• [Extracted entries]
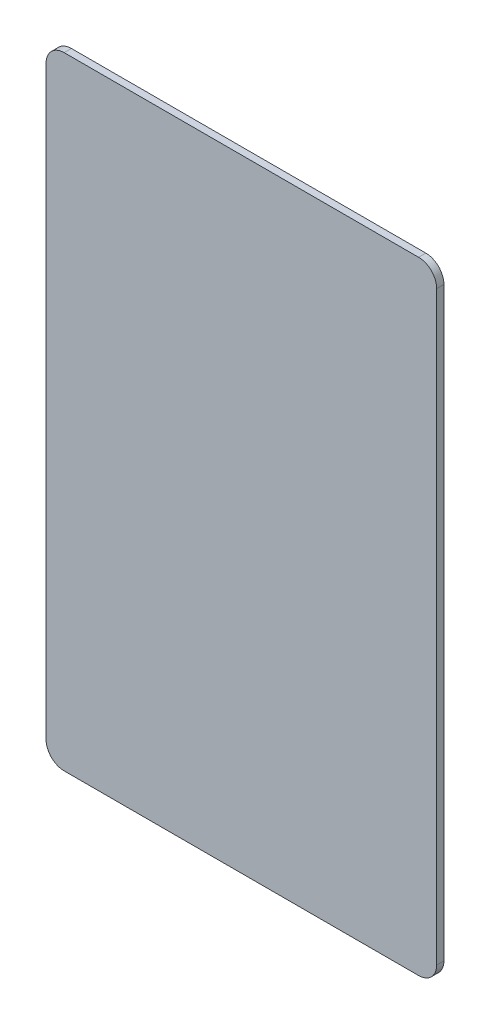
from build123d import *

# Parameters (mm, degrees)
DODANIE_WYCI_GNI_CIE1_DEPTH = 1


with BuildPart() as part:
    # Szkic1 → Dodanie-wyciągnięcie1 (new body)
    with BuildSketch(Plane.XY):
        with BuildLine():
            Line((-24.5, 43), (24.5, 43))
            ThreePointArc((24.5, 43), (26.267766953, 42.267766953), (27, 40.5))
            Line((27, 40.5), (27, -40.5))
            ThreePointArc((27, -40.5), (26.267766953, -42.267766953), (24.5, -43))
            Line((24.5, -43), (-24.5, -43))
            ThreePointArc((-24.5, -43), (-26.267766953, -42.267766953), (-27, -40.5))
            Line((-27, -40.5), (-27, 40.5))
            ThreePointArc((-27, 40.5), (-26.267766953, 42.267766953), (-24.5, 43))
        make_face()
    extrude(amount=DODANIE_WYCI_GNI_CIE1_DEPTH)


solid = part.part

• [Your goal]
When a line in the material above contains the word "ThreePointArc", copy that line out.

• [Written answer]
            ThreePointArc((24.5, 43), (26.267766953, 42.267766953), (27, 40.5))
            ThreePointArc((27, -40.5), (26.267766953, -42.267766953), (24.5, -43))
            ThreePointArc((-24.5, -43), (-26.267766953, -42.267766953), (-27, -40.5))
            ThreePointArc((-27, 40.5), (-26.267766953, 42.267766953), (-24.5, 43))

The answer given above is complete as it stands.